La derechista Lliga Regionalista de Cambó y Prat de la Riba mantuvo su hegemonía durante el primer tercio del siglo XX hasta verse adelantada por la izquierda al proclamarse la II República. A la Lliga le tocó abrir el surco a otras tendencias que fueron alejándose paulatinamente de su pensamiento conservador e incluso reaccionario –no se olvide que Prat propugnó el sufragio censitario frente al universal que se había establecido en España durante la Restauración–. De este modo fueron surgiendo diversas formaciones –Unió Federal Nacionalista Republicana, Acció Catalana, Federació Democrática Nacionalista, Estat Català, Bloc Republicà Autonomista, Partit Republicà Català, Esquerra Catalanista, Unió Catalanista– hasta la asunción por parte de la Esquerra Republicana de Macià y Companys del papel hegemónico en la izquierda catalanista en las elecciones de 1931.

Por ejemplo, Domènec Martí i Julià, dirigente de la Unió Catalanista, explicó en una conferencia pronunciada en 1915:

"El socialismo viene a coincidir perfectísimamente con el principio nacionalista. (...) Henos aquí cómo dos corrientes que se creían opuestas, que se afirmaban antagonistas, son perfectamente coherentes, marchan juntas y aunque aparezcan diferenciadas son complementos de una misma cosa. Hemos de afirmar que Nacionalismo y Socialismo no son dos principios opuestos, sino que son dos principios perfectamente coherentes y necesarios el uno para el otro. El Nacionalismo es la forma más perfecta de la libertad política de los pueblos y el Socialismo es la forma más perfecta de la libertad de los pueblos económicamente. (...) El Nacionalismo sin el Socialismo es una aberración inmensísima; inversamente, el Socialismo sin el Nacionalismo, si se concreta sólo a defender el aspecto puramente económico de sus principios, si no sintiese otras aspiraciones que las puramente egoístas de la materialidad de la vida, sería bien poca cosa".

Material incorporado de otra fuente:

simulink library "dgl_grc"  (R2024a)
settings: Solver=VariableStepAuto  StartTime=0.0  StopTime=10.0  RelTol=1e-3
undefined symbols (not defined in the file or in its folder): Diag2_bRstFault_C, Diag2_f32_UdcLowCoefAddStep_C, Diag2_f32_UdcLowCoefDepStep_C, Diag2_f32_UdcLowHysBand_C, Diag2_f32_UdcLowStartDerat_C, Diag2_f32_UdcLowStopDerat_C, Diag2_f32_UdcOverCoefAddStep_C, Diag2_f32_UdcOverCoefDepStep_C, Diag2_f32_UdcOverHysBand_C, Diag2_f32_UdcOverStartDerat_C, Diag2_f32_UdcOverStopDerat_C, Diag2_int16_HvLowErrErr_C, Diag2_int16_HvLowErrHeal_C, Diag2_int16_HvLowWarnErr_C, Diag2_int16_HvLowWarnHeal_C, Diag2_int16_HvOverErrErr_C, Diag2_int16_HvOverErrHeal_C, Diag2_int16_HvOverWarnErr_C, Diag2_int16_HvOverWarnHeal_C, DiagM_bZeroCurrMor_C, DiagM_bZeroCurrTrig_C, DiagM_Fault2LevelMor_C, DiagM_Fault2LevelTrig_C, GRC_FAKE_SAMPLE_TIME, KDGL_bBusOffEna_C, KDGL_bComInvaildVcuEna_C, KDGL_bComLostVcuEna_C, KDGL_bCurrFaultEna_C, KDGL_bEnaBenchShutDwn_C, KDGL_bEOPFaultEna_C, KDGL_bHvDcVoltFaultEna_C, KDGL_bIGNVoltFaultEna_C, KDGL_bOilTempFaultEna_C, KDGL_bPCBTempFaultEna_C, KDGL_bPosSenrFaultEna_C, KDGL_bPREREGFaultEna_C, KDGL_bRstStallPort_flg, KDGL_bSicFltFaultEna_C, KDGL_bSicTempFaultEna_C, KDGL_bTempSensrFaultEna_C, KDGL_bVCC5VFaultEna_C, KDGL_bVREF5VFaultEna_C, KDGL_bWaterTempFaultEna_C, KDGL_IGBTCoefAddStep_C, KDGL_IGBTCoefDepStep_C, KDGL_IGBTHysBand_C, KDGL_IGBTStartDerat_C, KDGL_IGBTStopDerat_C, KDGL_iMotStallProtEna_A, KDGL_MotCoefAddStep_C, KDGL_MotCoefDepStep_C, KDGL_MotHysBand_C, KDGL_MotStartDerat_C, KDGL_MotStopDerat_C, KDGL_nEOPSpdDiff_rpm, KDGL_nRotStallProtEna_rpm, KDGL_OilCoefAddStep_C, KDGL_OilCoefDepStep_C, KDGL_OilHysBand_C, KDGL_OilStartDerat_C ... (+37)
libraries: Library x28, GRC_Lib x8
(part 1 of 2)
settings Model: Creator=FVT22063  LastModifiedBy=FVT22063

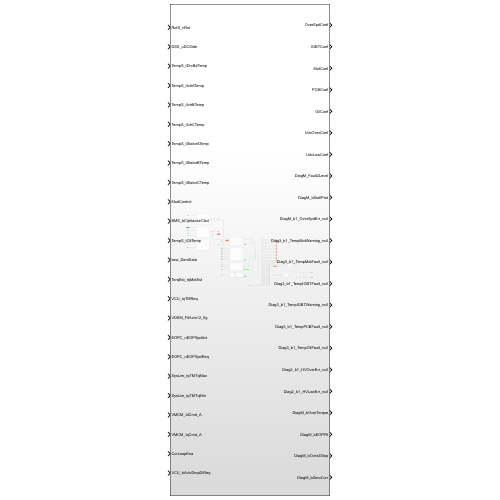
[thumbnail: Simulink's stored preview of the top-level diagram]
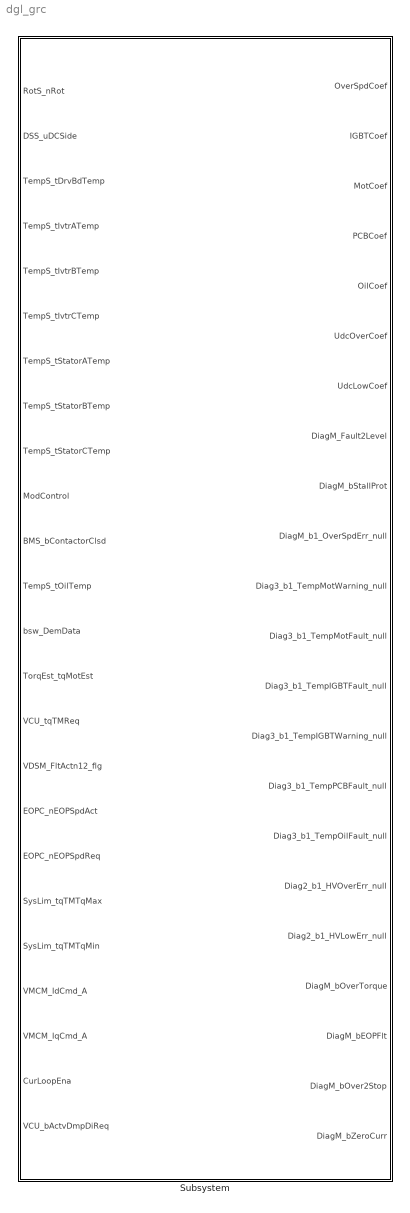
== system dgl_grc ==
  Subsystem : Subsystem

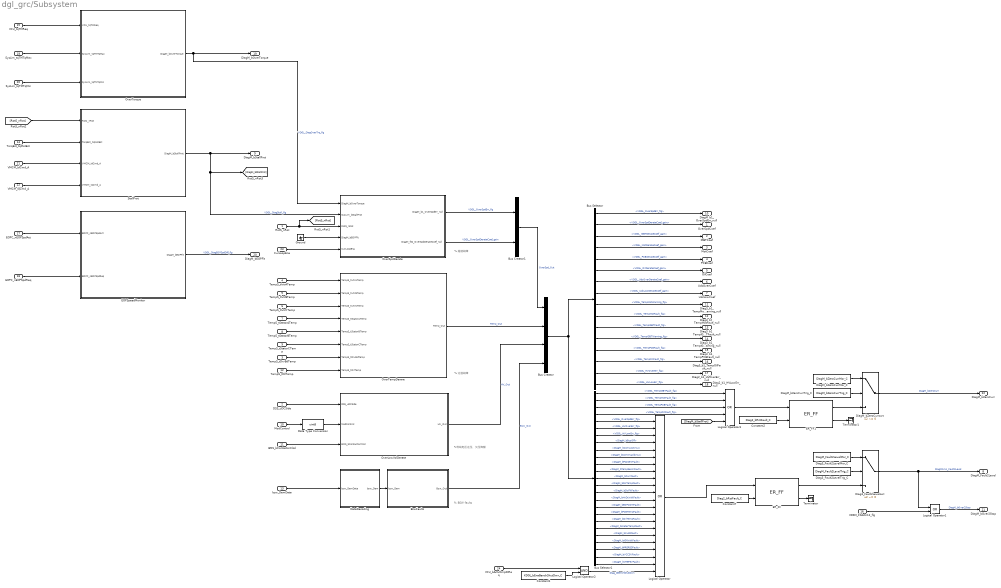
== system dgl_grc/Subsystem ==
  note: % BSW faults
  note: % 超速故障
  note: % 过温故障
  note: %母线电压过压、欠压降额
  RotS_nRot : Inport
  DSS_uDCSide : Inport  Port=2
  TempS_tDrvBdTemp : Inport  Port=3
  TempS_tIvtrATemp : Inport  Port=4
  TempS_tIvtrBTemp : Inport  Port=5
  TempS_tIvtrCTemp : Inport  Port=6
  TempS_tStatorATemp : Inport  Port=7
  TempS_tStatorBTemp : Inport  Port=8
  TempS_tStatorCTemp : Inport  Port=9
  ModControl : Inport  Port=10
  BMS_bContactorClsd : Inport  Port=11
  TempS_tOilTemp : Inport  Port=12
  bsw_DemData : Inport  Port=13  PortDimensions=150
  TorqEst_tqMotEst : Inport  Port=14
  VCU_tqTMReq : Inport  Port=15
  VDSM_FltActn12_flg : Inport  Port=16
  EOPC_nEOPSpdAct : Inport  Port=17
  EOPC_nEOPSpdReq : Inport  Port=18
  SysLim_tqTMTqMax : Inport  Port=19
  SysLim_tqTMTqMin : Inport  Port=20
  VMCM_IdCmd_A : Inport  Port=21
  VMCM_IqCmd_A : Inport  Port=22
  CurLoopEna : Inport  Port=23
  VCU_bActvDmpDiReq : Inport  Port=24
  BswFaults : Subsystem
  Bus Creator : BusCreator  Inputs=4
  Bus Creator1 : BusCreator  Inputs=2
  Bus Selector : BusSelector  OutputSignals=OverSpd_Out.VDGL_OverSpdErr_flg,OverSpd_Out.VDGL_OverSpdDerateCoef_gain,Temp_Out.IGBTTemp.VDGL_IGBTDerateCoef_gain,Temp_Out.StatorTemp.VDGL_MotDerateCoef_gain,Temp_Out.PCBTemp.VDGL_PCBDerateCoef_gain,Temp_Out.OilTemp.VDGL_OilDerateCoef_gain,HV_Out.HVOverMonitor.VDGL_UdcOverDerateCoef_gain,HV_Out.HVLowMonitor.VDGL_UdcLowDerateCoef_gain,Temp_Out.StatorTemp.VDGL_TempMotWarning_flg,Temp_Out.StatorTemp.VDGL_TempMotFault_flg,Temp_Out.IGBTTemp.VDGL_TempIGBTFault_flg,Temp_Out.IGBTTemp.VDGL_TempIGBTWarning_flg,Temp_Out.PCBTemp.VDGL_TempPCBFault_flg,Temp_Out.OilTemp.VDGL_TempOilFault_flg,HV_Out.HVOverMonitor.VDGL_HVOverErr_flg,HV_Out.HVLowMonitor.VDGL_HVLowErr_flg
  Bus Selector1 : BusSelector  OutputSignals=Temp_Out.IGBTTemp.VDGL_TempIGBTFault_flg,Temp_Out.StatorTemp.VDGL_TempMotFault_flg,Temp_Out.PCBTemp.VDGL_TempPCBFault_flg,Temp_Out.OilTemp.VDGL_TempOilFault_flg,OverSpd_Out.VDGL_OverSpdErr_flg,HV_Out.HVOverMonitor.VDGL_HVOverErr_flg,HV_Out.HVLowMonitor.VDGL_HVLowErr_flg,Bsw_Out.DiagM_bBusOff,Bsw_Out.DiagM_bComLostVcu,Bsw_Out.DiagM_bComInvaildVcu,Bsw_Out.DiagM_bPosSenrFault,Bsw_Out.DiagM_bTempSensrFault,Bsw_Out.DiagM_bCurrFault,Bsw_Out.DiagM_bSicTempFault,Bsw_Out.DiagM_bSicFltFault,Bsw_Out.DiagM_bHvDcVoltFault,Bsw_Out.DiagM_bEOPCOMFault,Bsw_Out.DiagM_bPCBTempFault,Bsw_Out.DiagM_bOilTempFault,Bsw_Out.DiagM_bWaterTempFault,Bsw_Out.DiagM_bKL30Fault,Bsw_Out.DiagM_bIGNVoltFault,Bsw_Out.DiagM_bPREREGFault,Bsw_Out.DiagM_bVCC5VFault,Bsw_Out.DiagM_bVREF5VFault
  Constant1 : Constant  Value=KDGL_bEnaBenchShutDwn_C
  Constant2 : Constant  Value=Diag2_bRstFault_C
  Constant7 : Constant  Value=Diag2_bRstFault_C
  Data Type Conversion : DataTypeConversion  OutDataTypeStr=uint8  SaturateOnIntegerOverflow=off  RndMeth=Floor
  DataDecoding : Subsystem
  Diag3_Fault2LevelMor_C : Constant  Value=DiagM_Fault2LevelMor_C
  Diag3_Fault2LevelTrig_C : Constant  Value=DiagM_Fault2LevelTrig_C
  Diag3_Fault2Levelswt : Switch  Criteria=u2 ~= 0  SaturateOnIntegerOverflow=off  InputSameDT=off
  DiagM_bZeroCurrMor_C : Constant  Value=DiagM_bZeroCurrMor_C
  DiagM_bZeroCurrTrig_C : Constant  Value=DiagM_bZeroCurrTrig_C
  DiagM_bZeroCurrswt : Switch  Criteria=u2 ~= 0  SaturateOnIntegerOverflow=off  InputSameDT=off
  EOPSpeedMonitor : Subsystem
  ER_FF : GRC_Lib/Memory/ER_FF  FalseVal=0  TrueVal=1
  ER_FF1 : GRC_Lib/Memory/ER_FF  FalseVal=0  TrueVal=1
  Ground : Ground
  Logical Operator : Logic  Operator=OR  Inputs=22  AllPortsSameDT=off  OutDataTypeStr=boolean
  Logical Operator1 : Logic  Operator=OR  AllPortsSameDT=off  OutDataTypeStr=boolean
  Logical Operator2 : Logic  AllPortsSameDT=off  OutDataTypeStr=boolean
  Logical Operator3 : Logic  Operator=OR  Inputs=5  AllPortsSameDT=off  OutDataTypeStr=boolean
  OverLowVolDerate : Subsystem
  OverSpdDerate : Subsystem
  OverTempDerare : Subsystem
  OverTorque : Subsystem
  StallProt : Subsystem
  Terminator : Terminator
  Terminator1 : Terminator
  OverSpdCoef : Outport  VectorParamsAs1DForOutWhenUnconnected=off
  IGBTCoef : Outport  Port=2  VectorParamsAs1DForOutWhenUnconnected=off
  MotCoef : Outport  Port=3  VectorParamsAs1DForOutWhenUnconnected=off
  PCBCoef : Outport  Port=4  VectorParamsAs1DForOutWhenUnconnected=off
  OilCoef : Outport  Port=5  VectorParamsAs1DForOutWhenUnconnected=off
  UdcOverCoef : Outport  Port=6  VectorParamsAs1DForOutWhenUnconnected=off
  UdcLowCoef : Outport  Port=7  VectorParamsAs1DForOutWhenUnconnected=off
  DiagM_Fault2Level : Outport  Port=8  VectorParamsAs1DForOutWhenUnconnected=off
  DiagM_bStallProt : Outport  Port=9  VectorParamsAs1DForOutWhenUnconnected=off
  DiagM_b1_OverSpdErr_null : Outport  Port=10  VectorParamsAs1DForOutWhenUnconnected=off
  Diag3_b1_TempMotWarning_null : Outport  Port=11  VectorParamsAs1DForOutWhenUnconnected=off
  Diag3_b1_TempMotFault_null : Outport  Port=12  VectorParamsAs1DForOutWhenUnconnected=off
  Diag3_b1_TempIGBTFault_null : Outport  Port=13  VectorParamsAs1DForOutWhenUnconnected=off
  Diag3_b1_TempIGBTWarning_null : Outport  Port=14  VectorParamsAs1DForOutWhenUnconnected=off
  Diag3_b1_TempPCBFault_null : Outport  Port=15  VectorParamsAs1DForOutWhenUnconnected=off
  Diag3_b1_TempOilFault_null : Outport  Port=16  VectorParamsAs1DForOutWhenUnconnected=off
  Diag2_b1_HVOverErr_null : Outport  Port=17  VectorParamsAs1DForOutWhenUnconnected=off
  Diag2_b1_HVLowErr_null : Outport  Port=18  VectorParamsAs1DForOutWhenUnconnected=off
  DiagM_bOverTorque : Outport  Port=19  VectorParamsAs1DForOutWhenUnconnected=off
  DiagM_bEOPFlt : Outport  Port=20  VectorParamsAs1DForOutWhenUnconnected=off
  DiagM_bOver2Stop : Outport  Port=21  VectorParamsAs1DForOutWhenUnconnected=off
  DiagM_bZeroCurr : Outport  Port=22  VectorParamsAs1DForOutWhenUnconnected=off
  wires:
  DiagM_bZeroCurrswt/1 -> DiagM_bZeroCurr/1  "DiagM_bZeroCurr"
  Bus Selector1/6 -> Logical Operator/2  "<VDGL_HVOverErr_flg>"
  [DiagM_bStallProt] -> Logical Operator3/5
  StallProt/1(DiagM_bStallProt) -> [DiagM_bStallProt], OverSpdDerate/2(SysLim_bStallProt), DiagM_bStallProt/1  "VDGL_DiagStall_flg"
  Bus Selector/16 -> Diag2_b1_HVLowErr_null/1  "<VDGL_HVLowErr_flg>"
  Bus Selector1/18 -> Logical Operator/14  "<DiagM_bPCBTempFault>"
  Logical Operator3/1 -> ER_FF1/1
  Bus Selector1/19 -> Logical Operator/15  "<DiagM_bOilTempFault>"
  ER_FF1/1 -> DiagM_bZeroCurrswt/3
  ER_FF1/2 -> Terminator1/1
  ER_FF/1 -> Diag3_Fault2Levelswt/3
  Bus Selector/9 -> Diag3_b1_TempMotWarning_null/1  "<VDGL_TempMotWarning_flg>"
  Diag3_Fault2LevelTrig_C/1 -> Diag3_Fault2Levelswt/2
  TempS_tStatorBTemp/1 -> OverTempDerare/5(TempS_tStatorBTemp)
  Diag3_Fault2LevelMor_C/1 -> Diag3_Fault2Levelswt/1
  VMCM_IdCmd_A/1 -> StallProt/3(VMCM_IdCmd_A)
  Ground/1 -> OverSpdDerate/4(DiagM_bEOPFlt)
  Logical Operator2/1 -> Logical Operator/22  "Diag_bBenchShutDwn"
  Bus Selector/13 -> Diag3_b1_TempPCBFault_null/1  "<VDGL_TempPCBFault_flg>"
  Constant7/1 -> ER_FF/2
  CurLoopEna/1 -> OverSpdDerate/5(CurLoopEna)
  ModControl/1 -> Data Type Conversion/1
  BswFaults/1(Bsw_Out) -> Bus Creator/4  "Bsw_Out"
  Constant1/1 -> Logical Operator2/2
  SysLim_tqTMTqMax/1 -> OverTorque/2(SysLim_tqTMTqMax)
  EOPC_nEOPSpdReq/1 -> EOPSpeedMonitor/2(EOPC_nEOPSpdReq)
  EOPSpeedMonitor/1(DiagM_bEOPFlt) -> DiagM_bEOPFlt/1  "VDGL_DiagEOPSpdDiff_flg"
  SysLim_tqTMTqMin/1 -> OverTorque/3("SysLim_tqTMTqMin ")
  EOPC_nEOPSpdAct/1 -> EOPSpeedMonitor/1(EOPC_nEOPSpdAct)
  Bus Selector/1 -> DiagM_b1_OverSpdErr_null/1  "<VDGL_OverSpdErr_flg>"
  DataDecoding/1(bsw_Dem) -> BswFaults/1(bsw_Dem)
  TorqEst_tqMotEst/1 -> StallProt/2(TorqEst_tqMotEst)
  Diag3_Fault2Levelswt/1 -> Logical Operator1/1, DiagM_Fault2Level/1  "DiagM1ms_Fault2Level"
  Bus Selector1/5 -> Logical Operator/1  "<VDGL_OverSpdErr_flg>"
  Bus Selector/12 -> Diag3_b1_TempIGBTWarning_null/1  "<VDGL_TempIGBTWarning_flg>"
  VCU_bActvDmpDiReq/1 -> Logical Operator2/1
  Logical Operator1/1 -> DiagM_bOver2Stop/1  "DiagM_bOver2Stop"
  Bus Selector1/14 -> Logical Operator/10  "<DiagM_bSicTempFault>"
  VCU_tqTMReq/1 -> OverTorque/1(VCU_tqTMReq)
  OverTorque/1(DiagM_bOverTorque) -> OverSpdDerate/1(DiagM_bOverTorque), DiagM_bOverTorque/1  "VDGL_DiagOverTrq_flg"
  DiagM_bZeroCurrMor_C/1 -> DiagM_bZeroCurrswt/1
  Bus Selector/2 -> OverSpdCoef/1  "<VDGL_OverSpdDerateCoef_gain>"
  Data Type Conversion/1 -> OverLowVolDerate/2(ModControl)
  VDSM_FltActn12_flg/1 -> Logical Operator1/2
  Bus Selector1/24 -> Logical Operator/20  "<DiagM_bVCC5VFault>"
  OverLowVolDerate/1(HV_Out) -> Bus Creator/3  "HV_Out"
  TempS_tIvtrCTemp/1 -> OverTempDerare/3(TempS_tIvtrCTemp)
  bsw_DemData/1 -> DataDecoding/1(bsw_DemData)
  ER_FF/2 -> Terminator/1
  Bus Selector1/21 -> Logical Operator/17  "<DiagM_bKL30Fault>"
  TempS_tOilTemp/1 -> OverTempDerare/8(TempS_tOilTemp)
  VMCM_IqCmd_A/1 -> StallProt/4(VMCM_IqCmd_A)
  RotS_nRot/1 -> [RotS_nRot], OverSpdDerate/3(RotS_nRot)
  Bus Selector1/12 -> Logical Operator/8  "<DiagM_bTempSensrFault>"
  Bus Selector/10 -> Diag3_b1_TempMotFault_null/1  "<VDGL_TempMotFault_flg>"
  Bus Selector1/20 -> Logical Operator/16  "<DiagM_bWaterTempFault>"
  Bus Selector1/10 -> Logical Operator/6  "<DiagM_bComInvaildVcu>"
  OverSpdDerate/2(DiagM_f32_OverSpdDerateCoef_null) -> Bus Creator1/2  "VDGL_OverSpdDerateCoef_gain"
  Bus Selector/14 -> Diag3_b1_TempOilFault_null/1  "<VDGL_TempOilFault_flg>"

Rafael Campalans escribió en 1923:

"Los socialistas proclamamos los principios de libertad, y el nacionalismo catalán es un problema de libertad colectiva. Los socialistas de Cataluña, por lo tanto, junto a todos los principios sustantivos del programa del partido –lucha de clases, socialización de los medios de producción, distribución y cambio, etc.– hemos de añadir un nuevo principio, también sustantivo para nosotros: el de la libertad total y absoluta de Cataluña".

Gabriel Alomar, dirigente de la Unió Socialista de Catalunya, también escribió que esos "dos grandes impulsos", el nacionalismo y el socialismo, estaban mutuamente relacionados.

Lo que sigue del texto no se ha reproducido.